■ DIRECTIONS FOR THIS TASK: Below are the records. Retype exactly the lines between the lines holding "#268=LINE('',#267,#266);" and "#280=EDGE_CURVE('E19',#270,#279,#277,.T.);", inclusive.

(Stored dataset items)
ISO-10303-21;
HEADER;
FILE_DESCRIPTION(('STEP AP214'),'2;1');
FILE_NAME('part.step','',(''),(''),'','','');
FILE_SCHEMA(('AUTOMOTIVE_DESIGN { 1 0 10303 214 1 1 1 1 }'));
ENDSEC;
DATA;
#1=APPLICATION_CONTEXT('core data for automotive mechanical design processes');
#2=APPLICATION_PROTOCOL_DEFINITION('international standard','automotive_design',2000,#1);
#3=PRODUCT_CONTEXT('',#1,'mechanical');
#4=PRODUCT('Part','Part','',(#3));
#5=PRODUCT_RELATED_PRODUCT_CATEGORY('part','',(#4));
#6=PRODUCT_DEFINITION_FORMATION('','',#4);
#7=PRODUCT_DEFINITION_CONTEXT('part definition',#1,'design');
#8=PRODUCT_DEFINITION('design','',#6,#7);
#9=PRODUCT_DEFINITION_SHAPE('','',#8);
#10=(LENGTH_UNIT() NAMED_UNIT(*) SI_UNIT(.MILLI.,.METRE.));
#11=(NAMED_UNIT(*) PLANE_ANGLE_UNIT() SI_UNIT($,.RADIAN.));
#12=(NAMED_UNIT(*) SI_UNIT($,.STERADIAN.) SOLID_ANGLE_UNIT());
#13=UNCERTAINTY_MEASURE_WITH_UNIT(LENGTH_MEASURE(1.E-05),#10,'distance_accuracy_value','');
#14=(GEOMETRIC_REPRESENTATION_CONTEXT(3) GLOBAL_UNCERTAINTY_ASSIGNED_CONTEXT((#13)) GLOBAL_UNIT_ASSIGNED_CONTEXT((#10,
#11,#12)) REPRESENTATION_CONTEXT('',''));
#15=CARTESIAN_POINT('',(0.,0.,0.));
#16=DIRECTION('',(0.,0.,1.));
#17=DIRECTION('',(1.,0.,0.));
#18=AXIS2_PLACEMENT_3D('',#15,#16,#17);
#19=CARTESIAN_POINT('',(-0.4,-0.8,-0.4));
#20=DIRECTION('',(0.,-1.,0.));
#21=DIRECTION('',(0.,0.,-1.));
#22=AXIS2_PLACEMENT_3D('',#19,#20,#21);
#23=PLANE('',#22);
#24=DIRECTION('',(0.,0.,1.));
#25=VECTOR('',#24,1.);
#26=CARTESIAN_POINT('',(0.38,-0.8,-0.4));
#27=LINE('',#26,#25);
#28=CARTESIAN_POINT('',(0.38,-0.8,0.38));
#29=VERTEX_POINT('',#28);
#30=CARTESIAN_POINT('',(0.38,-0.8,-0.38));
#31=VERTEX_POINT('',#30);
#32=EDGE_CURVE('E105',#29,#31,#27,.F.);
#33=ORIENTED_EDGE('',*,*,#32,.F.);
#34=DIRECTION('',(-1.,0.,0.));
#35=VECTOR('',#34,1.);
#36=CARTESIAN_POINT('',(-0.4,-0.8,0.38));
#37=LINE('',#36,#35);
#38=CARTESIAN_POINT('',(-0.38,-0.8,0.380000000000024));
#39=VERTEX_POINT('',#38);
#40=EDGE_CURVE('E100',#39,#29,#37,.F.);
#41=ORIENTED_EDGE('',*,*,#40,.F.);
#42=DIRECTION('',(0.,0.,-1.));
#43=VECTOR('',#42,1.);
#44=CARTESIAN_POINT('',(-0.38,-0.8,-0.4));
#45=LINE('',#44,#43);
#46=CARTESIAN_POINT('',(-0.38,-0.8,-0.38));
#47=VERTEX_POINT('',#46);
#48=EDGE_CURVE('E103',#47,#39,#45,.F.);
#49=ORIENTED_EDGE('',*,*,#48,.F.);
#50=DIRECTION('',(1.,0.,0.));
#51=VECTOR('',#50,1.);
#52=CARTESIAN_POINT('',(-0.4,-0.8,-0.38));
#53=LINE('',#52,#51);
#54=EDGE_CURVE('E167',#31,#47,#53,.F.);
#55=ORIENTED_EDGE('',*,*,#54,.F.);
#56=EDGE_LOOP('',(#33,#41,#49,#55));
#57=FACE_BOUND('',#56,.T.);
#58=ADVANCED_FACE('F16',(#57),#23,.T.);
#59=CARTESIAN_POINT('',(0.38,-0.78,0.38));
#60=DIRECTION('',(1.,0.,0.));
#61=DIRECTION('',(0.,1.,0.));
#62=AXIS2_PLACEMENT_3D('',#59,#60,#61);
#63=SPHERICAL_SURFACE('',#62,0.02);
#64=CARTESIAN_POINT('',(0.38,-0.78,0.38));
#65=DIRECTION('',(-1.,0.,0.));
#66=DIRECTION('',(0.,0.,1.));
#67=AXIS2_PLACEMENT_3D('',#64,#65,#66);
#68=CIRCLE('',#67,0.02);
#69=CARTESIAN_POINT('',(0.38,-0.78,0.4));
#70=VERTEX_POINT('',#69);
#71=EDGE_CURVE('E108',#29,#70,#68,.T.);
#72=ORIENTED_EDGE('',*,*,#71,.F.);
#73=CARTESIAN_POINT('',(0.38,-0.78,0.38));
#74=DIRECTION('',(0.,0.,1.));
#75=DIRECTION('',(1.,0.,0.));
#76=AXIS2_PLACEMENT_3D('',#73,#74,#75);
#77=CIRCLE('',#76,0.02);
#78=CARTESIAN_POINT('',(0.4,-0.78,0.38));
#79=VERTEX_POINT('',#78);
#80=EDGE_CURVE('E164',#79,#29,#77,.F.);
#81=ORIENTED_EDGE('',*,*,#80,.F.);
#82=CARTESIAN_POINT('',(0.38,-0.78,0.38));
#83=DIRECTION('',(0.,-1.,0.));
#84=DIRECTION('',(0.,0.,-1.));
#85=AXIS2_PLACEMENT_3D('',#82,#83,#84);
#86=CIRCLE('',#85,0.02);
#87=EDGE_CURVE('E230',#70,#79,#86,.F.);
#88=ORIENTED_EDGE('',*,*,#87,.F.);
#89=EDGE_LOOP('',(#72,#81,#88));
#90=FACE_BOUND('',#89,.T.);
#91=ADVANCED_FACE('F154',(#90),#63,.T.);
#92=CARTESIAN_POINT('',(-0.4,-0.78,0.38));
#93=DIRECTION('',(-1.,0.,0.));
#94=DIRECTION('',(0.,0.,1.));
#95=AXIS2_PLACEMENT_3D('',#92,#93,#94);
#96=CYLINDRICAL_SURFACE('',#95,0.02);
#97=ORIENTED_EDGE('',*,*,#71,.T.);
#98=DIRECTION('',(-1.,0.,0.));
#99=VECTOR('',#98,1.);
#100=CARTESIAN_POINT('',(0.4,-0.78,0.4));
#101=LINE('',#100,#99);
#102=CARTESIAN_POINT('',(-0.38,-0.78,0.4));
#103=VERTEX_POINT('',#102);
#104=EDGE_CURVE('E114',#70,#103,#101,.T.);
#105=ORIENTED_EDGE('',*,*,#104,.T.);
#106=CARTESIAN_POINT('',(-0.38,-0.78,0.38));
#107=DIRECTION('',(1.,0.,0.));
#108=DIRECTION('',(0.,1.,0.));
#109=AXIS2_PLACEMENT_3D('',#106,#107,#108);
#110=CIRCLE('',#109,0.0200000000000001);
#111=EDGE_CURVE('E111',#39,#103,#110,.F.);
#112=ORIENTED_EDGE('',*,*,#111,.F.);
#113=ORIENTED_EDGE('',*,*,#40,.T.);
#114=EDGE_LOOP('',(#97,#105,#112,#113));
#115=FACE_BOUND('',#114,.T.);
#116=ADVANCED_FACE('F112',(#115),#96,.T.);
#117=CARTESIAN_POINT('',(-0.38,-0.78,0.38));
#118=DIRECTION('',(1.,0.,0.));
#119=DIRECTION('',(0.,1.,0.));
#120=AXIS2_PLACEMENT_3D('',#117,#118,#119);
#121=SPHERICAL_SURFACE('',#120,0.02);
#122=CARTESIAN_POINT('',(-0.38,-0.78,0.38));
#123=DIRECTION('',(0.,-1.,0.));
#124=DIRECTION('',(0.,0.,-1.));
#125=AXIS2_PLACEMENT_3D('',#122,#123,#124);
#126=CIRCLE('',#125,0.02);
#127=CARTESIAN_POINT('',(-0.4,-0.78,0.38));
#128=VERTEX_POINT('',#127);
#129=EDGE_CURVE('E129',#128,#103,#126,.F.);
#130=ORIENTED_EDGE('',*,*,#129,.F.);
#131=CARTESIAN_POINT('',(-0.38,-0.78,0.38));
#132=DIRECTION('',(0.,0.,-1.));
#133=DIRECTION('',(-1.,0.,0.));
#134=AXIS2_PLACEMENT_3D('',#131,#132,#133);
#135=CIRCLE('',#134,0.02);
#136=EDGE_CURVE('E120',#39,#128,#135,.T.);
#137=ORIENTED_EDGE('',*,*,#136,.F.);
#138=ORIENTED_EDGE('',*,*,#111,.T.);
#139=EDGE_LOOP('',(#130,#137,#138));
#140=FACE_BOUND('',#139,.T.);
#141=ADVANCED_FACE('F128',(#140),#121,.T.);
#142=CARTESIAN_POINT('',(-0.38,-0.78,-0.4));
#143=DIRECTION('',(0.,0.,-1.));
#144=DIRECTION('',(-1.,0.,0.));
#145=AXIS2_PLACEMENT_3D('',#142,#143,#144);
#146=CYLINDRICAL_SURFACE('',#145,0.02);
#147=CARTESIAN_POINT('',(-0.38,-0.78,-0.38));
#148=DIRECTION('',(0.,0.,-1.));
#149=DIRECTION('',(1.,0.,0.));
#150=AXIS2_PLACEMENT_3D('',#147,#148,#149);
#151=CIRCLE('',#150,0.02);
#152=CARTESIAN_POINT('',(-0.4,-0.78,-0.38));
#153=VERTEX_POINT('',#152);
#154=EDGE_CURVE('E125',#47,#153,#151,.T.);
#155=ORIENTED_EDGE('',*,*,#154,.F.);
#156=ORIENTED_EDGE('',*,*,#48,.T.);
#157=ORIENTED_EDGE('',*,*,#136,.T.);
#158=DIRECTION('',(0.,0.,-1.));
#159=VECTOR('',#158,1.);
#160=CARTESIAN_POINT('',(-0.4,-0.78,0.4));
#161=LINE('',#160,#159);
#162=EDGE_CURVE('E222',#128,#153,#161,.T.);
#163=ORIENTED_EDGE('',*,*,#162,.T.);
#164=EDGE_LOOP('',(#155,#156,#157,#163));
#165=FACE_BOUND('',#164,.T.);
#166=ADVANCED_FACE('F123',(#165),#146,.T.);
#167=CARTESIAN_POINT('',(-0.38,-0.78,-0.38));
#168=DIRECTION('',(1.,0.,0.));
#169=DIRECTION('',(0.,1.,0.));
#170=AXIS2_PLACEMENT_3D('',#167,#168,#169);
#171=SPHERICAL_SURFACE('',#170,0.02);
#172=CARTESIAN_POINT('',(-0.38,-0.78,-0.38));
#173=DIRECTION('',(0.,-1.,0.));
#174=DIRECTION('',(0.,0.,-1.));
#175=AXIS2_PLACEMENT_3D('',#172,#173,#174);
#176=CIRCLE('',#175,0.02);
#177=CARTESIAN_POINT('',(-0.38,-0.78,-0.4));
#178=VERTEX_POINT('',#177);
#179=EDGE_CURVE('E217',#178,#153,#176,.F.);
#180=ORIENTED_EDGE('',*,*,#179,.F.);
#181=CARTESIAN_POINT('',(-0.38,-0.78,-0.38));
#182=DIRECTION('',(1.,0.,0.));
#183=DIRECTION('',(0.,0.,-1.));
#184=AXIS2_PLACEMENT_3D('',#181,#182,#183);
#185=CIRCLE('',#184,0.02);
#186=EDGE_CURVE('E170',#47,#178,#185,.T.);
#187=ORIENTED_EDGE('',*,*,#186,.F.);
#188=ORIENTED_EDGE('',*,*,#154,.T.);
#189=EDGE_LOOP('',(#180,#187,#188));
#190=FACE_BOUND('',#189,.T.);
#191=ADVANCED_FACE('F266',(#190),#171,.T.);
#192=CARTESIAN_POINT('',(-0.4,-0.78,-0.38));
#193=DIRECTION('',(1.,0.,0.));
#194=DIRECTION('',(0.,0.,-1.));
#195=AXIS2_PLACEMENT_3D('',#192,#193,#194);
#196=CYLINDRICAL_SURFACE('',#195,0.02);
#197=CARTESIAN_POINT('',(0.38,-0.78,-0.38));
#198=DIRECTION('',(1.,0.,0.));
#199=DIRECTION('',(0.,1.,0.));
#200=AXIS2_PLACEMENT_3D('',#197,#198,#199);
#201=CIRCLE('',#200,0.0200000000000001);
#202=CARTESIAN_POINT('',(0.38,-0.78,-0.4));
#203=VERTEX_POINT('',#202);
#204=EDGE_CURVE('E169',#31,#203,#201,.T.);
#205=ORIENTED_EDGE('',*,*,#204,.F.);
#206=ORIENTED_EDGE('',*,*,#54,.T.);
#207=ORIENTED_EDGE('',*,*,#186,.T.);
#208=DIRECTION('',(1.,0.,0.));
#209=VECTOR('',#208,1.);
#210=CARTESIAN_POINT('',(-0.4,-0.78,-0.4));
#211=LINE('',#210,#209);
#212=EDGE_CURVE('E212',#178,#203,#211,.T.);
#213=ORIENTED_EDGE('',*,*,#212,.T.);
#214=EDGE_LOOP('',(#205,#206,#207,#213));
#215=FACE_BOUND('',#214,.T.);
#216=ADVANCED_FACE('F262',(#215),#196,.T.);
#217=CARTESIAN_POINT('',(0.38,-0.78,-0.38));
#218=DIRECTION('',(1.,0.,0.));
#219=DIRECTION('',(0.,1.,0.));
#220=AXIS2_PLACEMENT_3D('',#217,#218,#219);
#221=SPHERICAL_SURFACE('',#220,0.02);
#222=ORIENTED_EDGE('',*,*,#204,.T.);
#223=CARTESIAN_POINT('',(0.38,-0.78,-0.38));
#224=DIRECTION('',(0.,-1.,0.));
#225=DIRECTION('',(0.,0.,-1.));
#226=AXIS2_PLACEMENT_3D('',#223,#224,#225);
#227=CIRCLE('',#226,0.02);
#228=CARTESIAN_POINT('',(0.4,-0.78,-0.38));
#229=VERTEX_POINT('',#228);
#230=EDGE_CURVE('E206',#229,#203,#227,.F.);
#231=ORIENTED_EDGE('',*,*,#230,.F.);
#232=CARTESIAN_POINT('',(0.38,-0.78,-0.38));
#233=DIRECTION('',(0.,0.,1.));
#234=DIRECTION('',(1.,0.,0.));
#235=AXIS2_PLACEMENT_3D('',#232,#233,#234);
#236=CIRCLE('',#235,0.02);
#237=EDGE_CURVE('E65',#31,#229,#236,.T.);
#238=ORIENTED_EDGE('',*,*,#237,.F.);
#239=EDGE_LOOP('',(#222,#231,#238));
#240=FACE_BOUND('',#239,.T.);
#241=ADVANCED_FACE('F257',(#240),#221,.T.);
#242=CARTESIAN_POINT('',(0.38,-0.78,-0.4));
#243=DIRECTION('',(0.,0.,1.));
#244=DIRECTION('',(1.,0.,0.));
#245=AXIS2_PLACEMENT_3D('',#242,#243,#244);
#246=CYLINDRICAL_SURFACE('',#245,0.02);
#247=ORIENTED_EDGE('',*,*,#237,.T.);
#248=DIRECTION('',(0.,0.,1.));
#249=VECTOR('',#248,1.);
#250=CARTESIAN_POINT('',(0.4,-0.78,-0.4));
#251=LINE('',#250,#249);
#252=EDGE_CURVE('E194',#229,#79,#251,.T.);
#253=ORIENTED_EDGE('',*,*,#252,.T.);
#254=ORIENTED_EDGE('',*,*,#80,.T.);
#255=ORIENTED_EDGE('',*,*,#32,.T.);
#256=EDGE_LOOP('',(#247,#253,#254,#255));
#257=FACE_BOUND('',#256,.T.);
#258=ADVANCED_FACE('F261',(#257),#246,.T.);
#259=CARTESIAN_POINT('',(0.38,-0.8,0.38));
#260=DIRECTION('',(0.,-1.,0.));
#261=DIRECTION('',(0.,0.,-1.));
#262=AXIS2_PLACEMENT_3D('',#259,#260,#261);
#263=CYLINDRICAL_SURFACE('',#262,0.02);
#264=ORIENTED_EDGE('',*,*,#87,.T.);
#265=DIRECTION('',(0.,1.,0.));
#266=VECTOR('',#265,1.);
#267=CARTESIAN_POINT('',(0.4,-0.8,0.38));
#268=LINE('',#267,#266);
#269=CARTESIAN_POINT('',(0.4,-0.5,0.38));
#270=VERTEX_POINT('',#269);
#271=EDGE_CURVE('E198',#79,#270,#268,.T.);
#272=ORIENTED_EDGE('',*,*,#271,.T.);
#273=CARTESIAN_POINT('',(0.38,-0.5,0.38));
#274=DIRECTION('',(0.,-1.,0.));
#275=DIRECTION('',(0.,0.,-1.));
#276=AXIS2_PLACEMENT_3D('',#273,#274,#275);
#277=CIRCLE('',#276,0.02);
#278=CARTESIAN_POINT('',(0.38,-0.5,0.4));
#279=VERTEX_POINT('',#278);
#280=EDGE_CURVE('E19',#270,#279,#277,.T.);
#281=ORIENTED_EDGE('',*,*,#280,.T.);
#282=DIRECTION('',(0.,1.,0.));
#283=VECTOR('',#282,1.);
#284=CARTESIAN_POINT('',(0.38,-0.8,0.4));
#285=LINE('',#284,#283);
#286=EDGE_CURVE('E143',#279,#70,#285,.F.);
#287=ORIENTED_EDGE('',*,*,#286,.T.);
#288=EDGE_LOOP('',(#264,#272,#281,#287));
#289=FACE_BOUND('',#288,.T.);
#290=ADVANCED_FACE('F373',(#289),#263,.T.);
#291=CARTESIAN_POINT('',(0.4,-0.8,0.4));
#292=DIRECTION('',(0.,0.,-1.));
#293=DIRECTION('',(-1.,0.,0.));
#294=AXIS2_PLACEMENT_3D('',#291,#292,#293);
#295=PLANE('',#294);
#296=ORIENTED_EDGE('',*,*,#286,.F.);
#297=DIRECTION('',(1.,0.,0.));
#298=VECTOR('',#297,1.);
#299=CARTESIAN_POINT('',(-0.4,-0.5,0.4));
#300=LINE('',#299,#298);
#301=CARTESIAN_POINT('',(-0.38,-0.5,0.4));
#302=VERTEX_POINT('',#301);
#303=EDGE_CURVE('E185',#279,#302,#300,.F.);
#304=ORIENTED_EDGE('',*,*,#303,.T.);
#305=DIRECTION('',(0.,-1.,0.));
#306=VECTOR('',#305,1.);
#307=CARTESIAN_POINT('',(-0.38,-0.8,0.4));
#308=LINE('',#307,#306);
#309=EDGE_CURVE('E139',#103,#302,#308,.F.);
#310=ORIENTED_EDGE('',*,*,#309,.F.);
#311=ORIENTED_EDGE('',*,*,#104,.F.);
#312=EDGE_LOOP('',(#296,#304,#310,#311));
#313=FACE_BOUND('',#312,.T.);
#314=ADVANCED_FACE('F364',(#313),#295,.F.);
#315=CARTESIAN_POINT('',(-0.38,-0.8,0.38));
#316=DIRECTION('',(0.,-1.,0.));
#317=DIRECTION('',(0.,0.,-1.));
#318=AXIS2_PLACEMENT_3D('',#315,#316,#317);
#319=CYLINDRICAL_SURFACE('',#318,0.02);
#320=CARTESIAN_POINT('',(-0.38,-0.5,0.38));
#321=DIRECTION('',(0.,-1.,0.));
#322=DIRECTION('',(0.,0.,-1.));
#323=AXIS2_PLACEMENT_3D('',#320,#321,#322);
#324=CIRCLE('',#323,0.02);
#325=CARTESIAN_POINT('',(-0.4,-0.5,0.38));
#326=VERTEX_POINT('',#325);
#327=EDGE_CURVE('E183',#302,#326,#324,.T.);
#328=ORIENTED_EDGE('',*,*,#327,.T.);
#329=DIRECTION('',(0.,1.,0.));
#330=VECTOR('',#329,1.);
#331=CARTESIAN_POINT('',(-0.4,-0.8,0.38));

■ WRITTEN SOLUTION:
#268=LINE('',#267,#266);
#269=CARTESIAN_POINT('',(0.4,-0.5,0.38));
#270=VERTEX_POINT('',#269);
#271=EDGE_CURVE('E198',#79,#270,#268,.T.);
#272=ORIENTED_EDGE('',*,*,#271,.T.);
#273=CARTESIAN_POINT('',(0.38,-0.5,0.38));
#274=DIRECTION('',(0.,-1.,0.));
#275=DIRECTION('',(0.,0.,-1.));
#276=AXIS2_PLACEMENT_3D('',#273,#274,#275);
#277=CIRCLE('',#276,0.02);
#278=CARTESIAN_POINT('',(0.38,-0.5,0.4));
#279=VERTEX_POINT('',#278);
#280=EDGE_CURVE('E19',#270,#279,#277,.T.);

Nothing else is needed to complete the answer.